## SOURCE MATERIAL
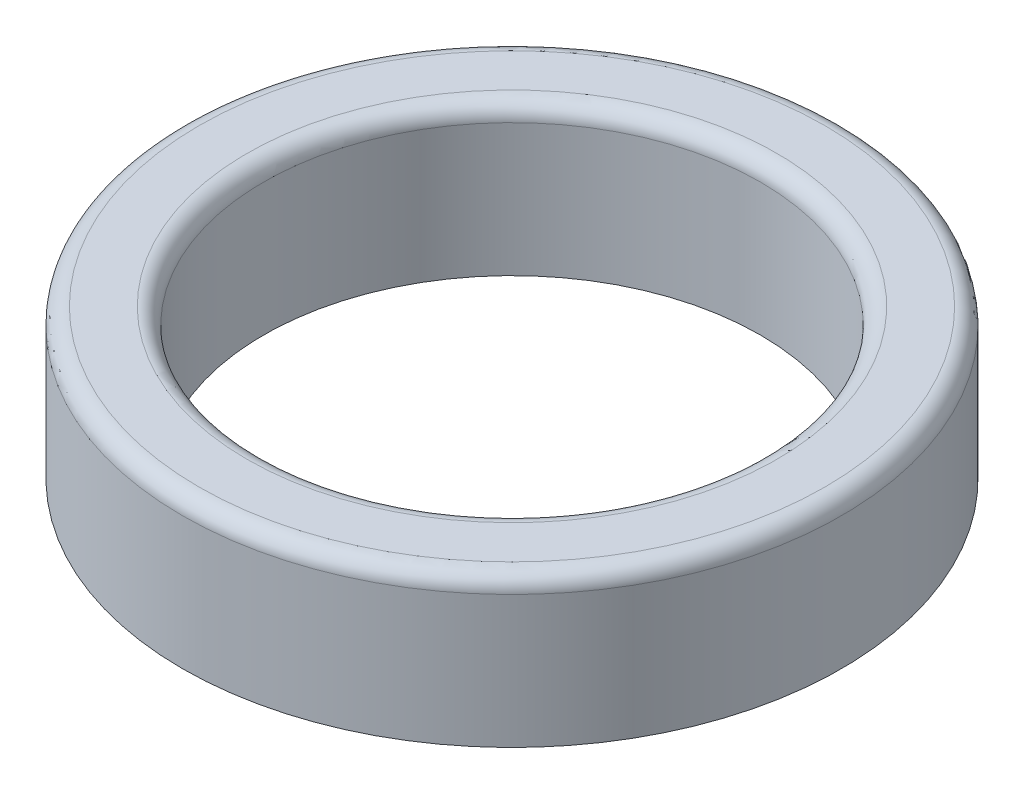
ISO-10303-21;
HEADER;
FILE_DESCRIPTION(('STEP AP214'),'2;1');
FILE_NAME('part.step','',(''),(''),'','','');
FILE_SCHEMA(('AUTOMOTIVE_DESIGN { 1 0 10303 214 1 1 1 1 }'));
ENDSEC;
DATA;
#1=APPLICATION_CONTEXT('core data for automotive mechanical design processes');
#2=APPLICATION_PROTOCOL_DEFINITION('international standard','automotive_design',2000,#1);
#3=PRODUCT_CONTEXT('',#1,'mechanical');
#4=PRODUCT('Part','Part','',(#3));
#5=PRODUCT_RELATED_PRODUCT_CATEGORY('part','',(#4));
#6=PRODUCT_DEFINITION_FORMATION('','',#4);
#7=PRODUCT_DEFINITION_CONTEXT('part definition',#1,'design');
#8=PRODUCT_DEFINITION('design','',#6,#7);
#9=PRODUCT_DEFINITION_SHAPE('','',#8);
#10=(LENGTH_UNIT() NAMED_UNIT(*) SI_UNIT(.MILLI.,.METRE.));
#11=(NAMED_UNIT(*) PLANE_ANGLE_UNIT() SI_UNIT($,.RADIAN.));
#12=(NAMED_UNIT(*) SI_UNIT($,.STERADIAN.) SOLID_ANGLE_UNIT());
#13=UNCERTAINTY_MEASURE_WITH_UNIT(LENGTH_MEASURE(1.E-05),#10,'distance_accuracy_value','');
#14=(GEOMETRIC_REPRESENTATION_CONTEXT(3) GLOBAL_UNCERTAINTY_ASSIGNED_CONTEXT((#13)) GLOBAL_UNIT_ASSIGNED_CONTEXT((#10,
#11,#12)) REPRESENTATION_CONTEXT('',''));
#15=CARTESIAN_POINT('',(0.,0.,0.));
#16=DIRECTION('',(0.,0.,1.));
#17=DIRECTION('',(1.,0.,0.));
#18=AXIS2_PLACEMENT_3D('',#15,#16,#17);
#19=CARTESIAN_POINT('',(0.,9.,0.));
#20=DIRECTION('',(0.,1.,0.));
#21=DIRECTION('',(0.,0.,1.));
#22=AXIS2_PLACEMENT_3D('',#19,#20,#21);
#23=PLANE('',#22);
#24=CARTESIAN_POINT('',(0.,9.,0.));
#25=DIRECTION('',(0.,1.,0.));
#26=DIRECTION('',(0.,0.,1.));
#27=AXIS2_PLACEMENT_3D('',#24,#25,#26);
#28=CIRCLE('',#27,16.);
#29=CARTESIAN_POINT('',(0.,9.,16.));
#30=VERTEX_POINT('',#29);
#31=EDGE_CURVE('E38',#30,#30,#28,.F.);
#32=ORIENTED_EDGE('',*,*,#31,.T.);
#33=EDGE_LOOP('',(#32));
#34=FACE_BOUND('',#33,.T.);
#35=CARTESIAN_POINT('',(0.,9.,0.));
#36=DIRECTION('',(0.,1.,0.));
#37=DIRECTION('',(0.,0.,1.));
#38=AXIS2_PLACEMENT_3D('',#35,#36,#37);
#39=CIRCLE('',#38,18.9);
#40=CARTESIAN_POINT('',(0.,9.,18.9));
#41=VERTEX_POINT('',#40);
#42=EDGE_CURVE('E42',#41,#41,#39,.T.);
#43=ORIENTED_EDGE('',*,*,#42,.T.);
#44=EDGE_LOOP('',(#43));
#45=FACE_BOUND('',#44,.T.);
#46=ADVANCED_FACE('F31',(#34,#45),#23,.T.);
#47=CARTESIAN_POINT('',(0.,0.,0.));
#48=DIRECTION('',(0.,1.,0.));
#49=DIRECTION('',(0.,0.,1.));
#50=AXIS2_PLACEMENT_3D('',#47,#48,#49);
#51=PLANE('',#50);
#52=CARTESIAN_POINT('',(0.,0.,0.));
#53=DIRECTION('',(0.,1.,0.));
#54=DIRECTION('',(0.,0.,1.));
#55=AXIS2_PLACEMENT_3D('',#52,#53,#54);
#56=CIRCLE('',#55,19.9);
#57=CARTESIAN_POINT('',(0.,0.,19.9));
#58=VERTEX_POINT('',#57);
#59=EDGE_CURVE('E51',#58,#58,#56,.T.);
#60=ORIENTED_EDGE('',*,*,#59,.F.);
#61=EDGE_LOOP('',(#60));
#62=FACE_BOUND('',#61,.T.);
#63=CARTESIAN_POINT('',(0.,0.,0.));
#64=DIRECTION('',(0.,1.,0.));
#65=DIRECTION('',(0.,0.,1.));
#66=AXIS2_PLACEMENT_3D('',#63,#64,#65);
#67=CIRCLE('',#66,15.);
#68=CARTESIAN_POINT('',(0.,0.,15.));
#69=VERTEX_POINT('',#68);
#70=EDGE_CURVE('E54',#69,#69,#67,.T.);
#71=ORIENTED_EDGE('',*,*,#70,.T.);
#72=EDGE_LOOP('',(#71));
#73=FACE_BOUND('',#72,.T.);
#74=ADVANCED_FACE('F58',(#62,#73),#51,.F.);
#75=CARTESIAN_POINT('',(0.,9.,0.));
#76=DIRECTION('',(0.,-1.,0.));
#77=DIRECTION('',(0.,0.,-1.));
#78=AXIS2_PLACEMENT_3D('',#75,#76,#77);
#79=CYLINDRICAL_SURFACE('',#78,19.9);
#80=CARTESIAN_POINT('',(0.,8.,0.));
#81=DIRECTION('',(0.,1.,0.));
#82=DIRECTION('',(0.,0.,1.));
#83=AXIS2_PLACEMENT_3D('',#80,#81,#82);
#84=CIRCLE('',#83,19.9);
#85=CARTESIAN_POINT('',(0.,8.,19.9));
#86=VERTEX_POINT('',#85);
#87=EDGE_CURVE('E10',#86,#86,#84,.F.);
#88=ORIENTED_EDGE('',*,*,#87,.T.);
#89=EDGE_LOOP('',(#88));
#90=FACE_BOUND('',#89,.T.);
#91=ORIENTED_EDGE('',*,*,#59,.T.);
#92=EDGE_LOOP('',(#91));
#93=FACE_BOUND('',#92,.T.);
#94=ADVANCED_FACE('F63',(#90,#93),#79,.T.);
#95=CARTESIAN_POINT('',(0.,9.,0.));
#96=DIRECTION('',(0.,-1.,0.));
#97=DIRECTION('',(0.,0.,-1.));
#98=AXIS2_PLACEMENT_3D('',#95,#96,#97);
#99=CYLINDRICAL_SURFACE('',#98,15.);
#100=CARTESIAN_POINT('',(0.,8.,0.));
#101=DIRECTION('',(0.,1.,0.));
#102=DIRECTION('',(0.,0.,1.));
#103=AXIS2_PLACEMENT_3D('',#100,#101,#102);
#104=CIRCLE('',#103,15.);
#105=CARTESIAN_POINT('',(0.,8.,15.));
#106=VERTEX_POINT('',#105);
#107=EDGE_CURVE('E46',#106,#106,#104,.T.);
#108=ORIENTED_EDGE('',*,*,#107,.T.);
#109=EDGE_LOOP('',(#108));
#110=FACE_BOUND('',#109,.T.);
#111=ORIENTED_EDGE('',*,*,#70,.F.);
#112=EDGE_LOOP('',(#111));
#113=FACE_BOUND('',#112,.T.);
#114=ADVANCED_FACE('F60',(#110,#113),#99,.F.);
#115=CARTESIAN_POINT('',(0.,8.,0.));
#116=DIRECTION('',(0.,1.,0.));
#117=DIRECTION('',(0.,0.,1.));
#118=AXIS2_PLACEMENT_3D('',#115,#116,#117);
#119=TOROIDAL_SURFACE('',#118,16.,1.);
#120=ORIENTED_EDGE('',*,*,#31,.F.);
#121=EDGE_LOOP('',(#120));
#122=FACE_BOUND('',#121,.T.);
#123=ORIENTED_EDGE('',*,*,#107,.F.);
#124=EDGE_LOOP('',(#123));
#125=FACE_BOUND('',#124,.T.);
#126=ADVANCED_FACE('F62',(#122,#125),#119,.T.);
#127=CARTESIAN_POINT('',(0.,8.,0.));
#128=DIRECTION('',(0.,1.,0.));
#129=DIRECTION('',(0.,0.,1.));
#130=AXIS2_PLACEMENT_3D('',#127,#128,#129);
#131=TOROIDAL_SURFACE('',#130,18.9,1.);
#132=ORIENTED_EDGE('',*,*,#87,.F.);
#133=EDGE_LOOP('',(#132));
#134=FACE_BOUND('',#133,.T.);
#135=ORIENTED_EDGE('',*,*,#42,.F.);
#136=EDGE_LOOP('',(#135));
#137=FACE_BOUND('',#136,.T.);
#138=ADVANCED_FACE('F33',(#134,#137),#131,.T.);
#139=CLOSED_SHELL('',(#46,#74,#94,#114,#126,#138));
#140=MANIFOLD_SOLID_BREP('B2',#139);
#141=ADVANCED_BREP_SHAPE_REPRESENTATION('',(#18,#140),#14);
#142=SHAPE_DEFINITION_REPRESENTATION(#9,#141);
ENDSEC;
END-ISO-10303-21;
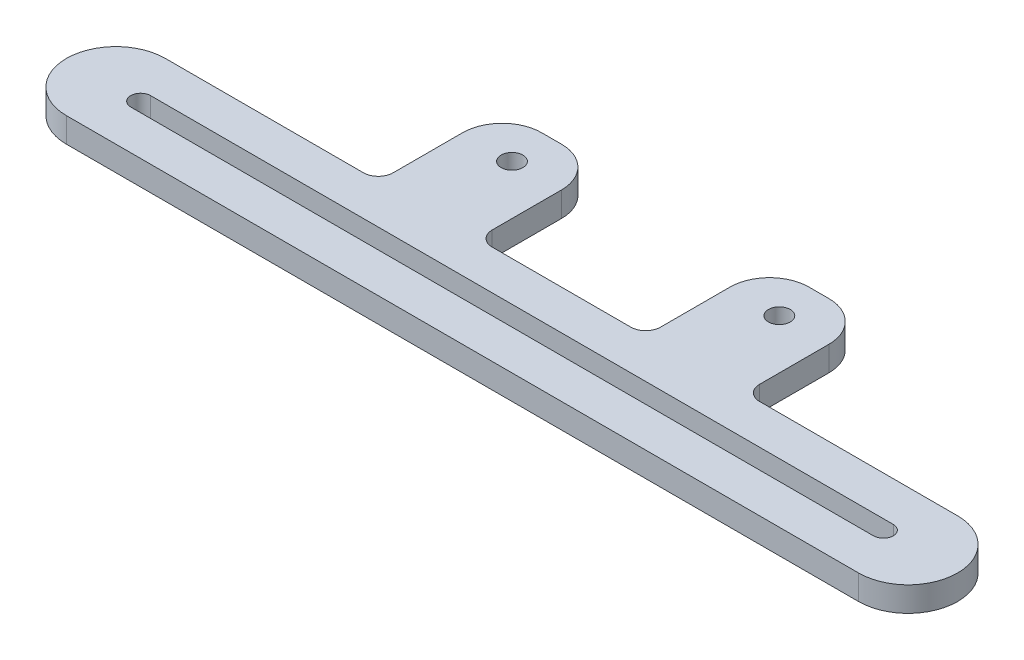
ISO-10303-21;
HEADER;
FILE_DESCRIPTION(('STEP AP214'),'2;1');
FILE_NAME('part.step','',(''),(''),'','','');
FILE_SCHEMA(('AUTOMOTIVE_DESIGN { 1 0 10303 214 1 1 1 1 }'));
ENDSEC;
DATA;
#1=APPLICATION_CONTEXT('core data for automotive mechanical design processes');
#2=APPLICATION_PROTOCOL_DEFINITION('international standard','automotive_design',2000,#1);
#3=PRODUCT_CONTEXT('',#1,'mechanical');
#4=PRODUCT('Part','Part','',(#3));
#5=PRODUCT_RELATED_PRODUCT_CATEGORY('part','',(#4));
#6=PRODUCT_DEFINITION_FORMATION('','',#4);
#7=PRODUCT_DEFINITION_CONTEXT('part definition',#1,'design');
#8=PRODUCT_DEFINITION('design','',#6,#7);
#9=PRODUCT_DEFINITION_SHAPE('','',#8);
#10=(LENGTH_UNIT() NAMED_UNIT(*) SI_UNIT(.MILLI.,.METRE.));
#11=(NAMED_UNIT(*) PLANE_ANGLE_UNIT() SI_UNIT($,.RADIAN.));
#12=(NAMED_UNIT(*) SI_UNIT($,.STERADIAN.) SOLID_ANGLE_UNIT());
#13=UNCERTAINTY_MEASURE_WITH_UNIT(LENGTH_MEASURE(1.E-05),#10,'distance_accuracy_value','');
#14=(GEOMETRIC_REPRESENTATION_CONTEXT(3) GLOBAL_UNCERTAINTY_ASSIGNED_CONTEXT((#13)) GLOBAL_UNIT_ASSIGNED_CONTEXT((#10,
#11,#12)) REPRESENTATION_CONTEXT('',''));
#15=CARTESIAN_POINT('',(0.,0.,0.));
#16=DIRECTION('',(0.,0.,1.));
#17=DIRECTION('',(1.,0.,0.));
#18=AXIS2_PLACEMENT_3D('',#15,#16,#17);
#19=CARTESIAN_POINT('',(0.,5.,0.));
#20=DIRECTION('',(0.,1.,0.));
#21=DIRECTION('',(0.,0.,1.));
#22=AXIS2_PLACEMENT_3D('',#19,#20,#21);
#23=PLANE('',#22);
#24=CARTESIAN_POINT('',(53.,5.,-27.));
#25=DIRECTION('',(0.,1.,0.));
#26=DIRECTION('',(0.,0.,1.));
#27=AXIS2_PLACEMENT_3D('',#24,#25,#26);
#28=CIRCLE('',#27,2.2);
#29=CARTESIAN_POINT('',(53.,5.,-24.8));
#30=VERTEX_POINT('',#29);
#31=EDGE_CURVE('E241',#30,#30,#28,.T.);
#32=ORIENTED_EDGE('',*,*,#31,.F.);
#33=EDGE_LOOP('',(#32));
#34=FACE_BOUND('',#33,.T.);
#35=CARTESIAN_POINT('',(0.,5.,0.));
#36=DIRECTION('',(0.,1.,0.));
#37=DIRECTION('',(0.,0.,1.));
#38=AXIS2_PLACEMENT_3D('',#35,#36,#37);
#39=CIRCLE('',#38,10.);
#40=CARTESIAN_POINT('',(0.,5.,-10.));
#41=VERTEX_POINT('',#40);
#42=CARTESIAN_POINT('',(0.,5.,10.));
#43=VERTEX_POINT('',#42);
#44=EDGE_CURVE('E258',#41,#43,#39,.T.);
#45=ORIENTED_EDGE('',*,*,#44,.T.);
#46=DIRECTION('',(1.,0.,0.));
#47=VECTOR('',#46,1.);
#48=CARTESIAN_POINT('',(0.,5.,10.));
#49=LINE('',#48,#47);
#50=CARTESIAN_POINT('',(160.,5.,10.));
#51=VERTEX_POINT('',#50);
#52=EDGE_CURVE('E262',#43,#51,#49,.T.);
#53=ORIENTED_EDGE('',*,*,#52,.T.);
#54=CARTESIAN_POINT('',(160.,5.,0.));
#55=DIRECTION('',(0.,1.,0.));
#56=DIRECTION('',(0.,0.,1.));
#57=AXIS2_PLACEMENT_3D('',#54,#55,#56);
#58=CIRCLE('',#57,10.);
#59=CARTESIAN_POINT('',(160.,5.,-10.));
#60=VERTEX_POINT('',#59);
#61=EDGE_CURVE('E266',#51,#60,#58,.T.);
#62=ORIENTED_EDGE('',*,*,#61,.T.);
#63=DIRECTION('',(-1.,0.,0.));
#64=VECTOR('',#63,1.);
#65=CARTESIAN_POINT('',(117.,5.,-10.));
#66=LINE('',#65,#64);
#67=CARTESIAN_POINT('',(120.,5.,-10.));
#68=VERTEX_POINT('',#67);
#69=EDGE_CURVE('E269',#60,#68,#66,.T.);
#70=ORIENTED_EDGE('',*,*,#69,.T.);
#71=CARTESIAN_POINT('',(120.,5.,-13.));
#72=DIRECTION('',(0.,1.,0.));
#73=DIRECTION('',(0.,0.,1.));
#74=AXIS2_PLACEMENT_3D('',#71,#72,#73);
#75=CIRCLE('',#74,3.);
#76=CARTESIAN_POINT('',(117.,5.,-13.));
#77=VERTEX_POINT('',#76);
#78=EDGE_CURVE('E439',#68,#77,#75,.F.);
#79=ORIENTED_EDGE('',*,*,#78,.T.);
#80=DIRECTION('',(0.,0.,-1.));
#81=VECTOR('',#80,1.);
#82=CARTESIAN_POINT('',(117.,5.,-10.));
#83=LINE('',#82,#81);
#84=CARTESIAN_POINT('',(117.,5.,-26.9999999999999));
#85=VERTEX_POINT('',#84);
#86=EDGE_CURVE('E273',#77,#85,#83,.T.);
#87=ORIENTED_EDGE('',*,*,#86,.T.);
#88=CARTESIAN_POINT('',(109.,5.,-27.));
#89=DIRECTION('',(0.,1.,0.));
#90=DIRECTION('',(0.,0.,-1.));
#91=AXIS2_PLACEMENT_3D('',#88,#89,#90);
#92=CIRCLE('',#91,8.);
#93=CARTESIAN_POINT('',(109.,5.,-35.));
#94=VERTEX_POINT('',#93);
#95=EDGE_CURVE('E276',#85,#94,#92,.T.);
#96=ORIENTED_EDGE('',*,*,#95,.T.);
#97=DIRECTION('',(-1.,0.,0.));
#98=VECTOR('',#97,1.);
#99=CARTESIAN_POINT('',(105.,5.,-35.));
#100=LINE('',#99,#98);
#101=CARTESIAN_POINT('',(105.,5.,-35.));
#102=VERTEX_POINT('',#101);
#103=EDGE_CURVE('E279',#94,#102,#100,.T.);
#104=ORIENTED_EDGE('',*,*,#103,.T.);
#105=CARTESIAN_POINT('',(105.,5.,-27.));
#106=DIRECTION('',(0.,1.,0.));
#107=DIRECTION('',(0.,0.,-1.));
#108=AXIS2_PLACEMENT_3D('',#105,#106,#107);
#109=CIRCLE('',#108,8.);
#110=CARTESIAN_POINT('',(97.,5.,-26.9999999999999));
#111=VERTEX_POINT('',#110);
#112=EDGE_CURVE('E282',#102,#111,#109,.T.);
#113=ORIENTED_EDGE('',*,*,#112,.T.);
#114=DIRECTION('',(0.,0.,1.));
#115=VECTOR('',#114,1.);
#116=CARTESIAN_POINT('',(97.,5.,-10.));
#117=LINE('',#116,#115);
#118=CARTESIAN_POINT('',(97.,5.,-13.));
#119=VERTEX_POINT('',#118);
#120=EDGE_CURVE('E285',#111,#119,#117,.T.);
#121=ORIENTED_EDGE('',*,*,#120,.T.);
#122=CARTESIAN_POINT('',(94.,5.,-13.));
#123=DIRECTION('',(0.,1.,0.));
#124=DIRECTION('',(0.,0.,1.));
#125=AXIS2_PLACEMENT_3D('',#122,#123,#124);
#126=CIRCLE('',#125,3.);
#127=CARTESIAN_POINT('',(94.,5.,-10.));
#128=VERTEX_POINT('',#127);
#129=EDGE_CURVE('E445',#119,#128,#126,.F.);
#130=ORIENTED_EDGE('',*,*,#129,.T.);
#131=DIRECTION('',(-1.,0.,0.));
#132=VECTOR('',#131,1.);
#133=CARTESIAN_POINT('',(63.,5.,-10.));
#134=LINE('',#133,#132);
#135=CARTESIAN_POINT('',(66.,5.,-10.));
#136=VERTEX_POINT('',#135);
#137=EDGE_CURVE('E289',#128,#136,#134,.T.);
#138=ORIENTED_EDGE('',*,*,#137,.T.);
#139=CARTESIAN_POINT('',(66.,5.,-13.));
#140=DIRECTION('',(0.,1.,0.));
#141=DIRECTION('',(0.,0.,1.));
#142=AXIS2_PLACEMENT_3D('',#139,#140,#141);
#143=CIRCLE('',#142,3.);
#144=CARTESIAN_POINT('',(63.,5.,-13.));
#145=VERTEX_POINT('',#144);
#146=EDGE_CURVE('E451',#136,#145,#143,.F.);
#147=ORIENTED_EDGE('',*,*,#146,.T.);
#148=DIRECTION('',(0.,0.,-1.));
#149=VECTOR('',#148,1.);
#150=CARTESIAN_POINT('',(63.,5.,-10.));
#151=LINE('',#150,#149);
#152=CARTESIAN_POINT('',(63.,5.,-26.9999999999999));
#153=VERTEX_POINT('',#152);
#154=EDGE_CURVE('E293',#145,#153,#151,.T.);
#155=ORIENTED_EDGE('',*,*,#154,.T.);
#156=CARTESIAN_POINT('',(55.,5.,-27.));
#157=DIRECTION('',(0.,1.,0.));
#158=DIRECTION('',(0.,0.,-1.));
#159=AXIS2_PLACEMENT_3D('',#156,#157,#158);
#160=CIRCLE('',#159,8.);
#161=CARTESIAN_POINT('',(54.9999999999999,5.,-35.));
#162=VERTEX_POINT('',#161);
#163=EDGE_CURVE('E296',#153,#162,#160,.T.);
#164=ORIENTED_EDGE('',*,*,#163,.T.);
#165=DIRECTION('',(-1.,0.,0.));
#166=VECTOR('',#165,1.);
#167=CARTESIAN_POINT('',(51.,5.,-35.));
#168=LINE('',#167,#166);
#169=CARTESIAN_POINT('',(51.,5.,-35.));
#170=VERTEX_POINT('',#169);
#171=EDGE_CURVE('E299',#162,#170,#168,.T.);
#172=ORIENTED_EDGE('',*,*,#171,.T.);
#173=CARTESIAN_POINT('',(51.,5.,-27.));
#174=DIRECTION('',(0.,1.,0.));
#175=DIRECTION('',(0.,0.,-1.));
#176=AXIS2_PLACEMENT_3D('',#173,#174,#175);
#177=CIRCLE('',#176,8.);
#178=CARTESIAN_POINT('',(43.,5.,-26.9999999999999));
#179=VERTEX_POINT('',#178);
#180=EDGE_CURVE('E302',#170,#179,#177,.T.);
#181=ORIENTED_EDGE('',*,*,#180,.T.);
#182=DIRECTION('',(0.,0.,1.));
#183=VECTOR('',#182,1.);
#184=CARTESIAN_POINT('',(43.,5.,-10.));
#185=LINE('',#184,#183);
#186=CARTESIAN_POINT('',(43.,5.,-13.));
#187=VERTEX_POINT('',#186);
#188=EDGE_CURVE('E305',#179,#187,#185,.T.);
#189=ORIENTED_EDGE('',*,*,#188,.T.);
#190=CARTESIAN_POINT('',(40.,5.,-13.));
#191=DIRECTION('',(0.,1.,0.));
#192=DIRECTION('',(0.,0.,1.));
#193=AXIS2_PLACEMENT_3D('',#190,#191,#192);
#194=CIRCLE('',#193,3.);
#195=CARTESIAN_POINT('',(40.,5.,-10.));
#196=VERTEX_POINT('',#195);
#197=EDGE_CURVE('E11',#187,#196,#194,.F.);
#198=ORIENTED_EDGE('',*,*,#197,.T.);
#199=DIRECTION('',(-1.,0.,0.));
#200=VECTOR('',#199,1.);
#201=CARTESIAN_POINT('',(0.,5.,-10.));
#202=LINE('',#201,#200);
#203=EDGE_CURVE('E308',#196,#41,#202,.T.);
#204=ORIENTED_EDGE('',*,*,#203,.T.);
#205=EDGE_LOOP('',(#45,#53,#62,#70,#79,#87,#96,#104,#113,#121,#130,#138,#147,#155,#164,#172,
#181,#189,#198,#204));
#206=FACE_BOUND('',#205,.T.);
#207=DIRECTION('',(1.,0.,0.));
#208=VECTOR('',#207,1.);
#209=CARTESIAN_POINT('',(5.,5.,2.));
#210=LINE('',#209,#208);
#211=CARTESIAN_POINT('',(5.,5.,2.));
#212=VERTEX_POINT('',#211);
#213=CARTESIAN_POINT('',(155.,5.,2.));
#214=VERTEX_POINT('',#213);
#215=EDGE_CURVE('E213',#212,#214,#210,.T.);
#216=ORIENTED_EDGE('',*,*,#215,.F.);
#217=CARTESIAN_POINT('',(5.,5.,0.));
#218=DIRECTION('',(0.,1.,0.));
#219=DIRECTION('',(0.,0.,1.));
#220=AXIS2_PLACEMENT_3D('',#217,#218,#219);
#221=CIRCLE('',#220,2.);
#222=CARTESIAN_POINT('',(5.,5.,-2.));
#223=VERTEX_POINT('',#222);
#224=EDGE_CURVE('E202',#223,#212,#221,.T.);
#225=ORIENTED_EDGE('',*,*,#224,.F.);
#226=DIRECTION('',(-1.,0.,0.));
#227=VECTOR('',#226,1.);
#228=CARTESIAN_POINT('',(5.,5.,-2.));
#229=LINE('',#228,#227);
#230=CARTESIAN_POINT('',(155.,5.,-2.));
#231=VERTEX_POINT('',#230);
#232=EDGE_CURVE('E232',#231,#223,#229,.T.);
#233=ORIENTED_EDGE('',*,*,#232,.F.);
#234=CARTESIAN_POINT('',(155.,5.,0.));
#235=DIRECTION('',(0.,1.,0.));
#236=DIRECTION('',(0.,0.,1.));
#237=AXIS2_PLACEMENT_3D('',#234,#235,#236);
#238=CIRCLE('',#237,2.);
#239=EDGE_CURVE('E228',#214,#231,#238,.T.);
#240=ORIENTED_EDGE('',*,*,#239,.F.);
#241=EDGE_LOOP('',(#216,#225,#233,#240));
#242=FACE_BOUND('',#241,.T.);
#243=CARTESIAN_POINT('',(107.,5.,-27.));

## WHAT YOU ARE ASKED TO DO
Take the entries above and return only the lines from the one with "#24=CARTESIAN_POINT('',(0.,9.,0.));" to the one with "#43=ORIENTED_EDGE('',*,*,#42,.T.);", both included, unchanged.

## TASK RESULT
#24=CARTESIAN_POINT('',(0.,9.,0.));
#25=DIRECTION('',(0.,1.,0.));
#26=DIRECTION('',(0.,0.,1.));
#27=AXIS2_PLACEMENT_3D('',#24,#25,#26);
#28=CIRCLE('',#27,16.);
#29=CARTESIAN_POINT('',(0.,9.,16.));
#30=VERTEX_POINT('',#29);
#31=EDGE_CURVE('E38',#30,#30,#28,.F.);
#32=ORIENTED_EDGE('',*,*,#31,.T.);
#33=EDGE_LOOP('',(#32));
#34=FACE_BOUND('',#33,.T.);
#35=CARTESIAN_POINT('',(0.,9.,0.));
#36=DIRECTION('',(0.,1.,0.));
#37=DIRECTION('',(0.,0.,1.));
#38=AXIS2_PLACEMENT_3D('',#35,#36,#37);
#39=CIRCLE('',#38,18.9);
#40=CARTESIAN_POINT('',(0.,9.,18.9));
#41=VERTEX_POINT('',#40);
#42=EDGE_CURVE('E42',#41,#41,#39,.T.);
#43=ORIENTED_EDGE('',*,*,#42,.T.);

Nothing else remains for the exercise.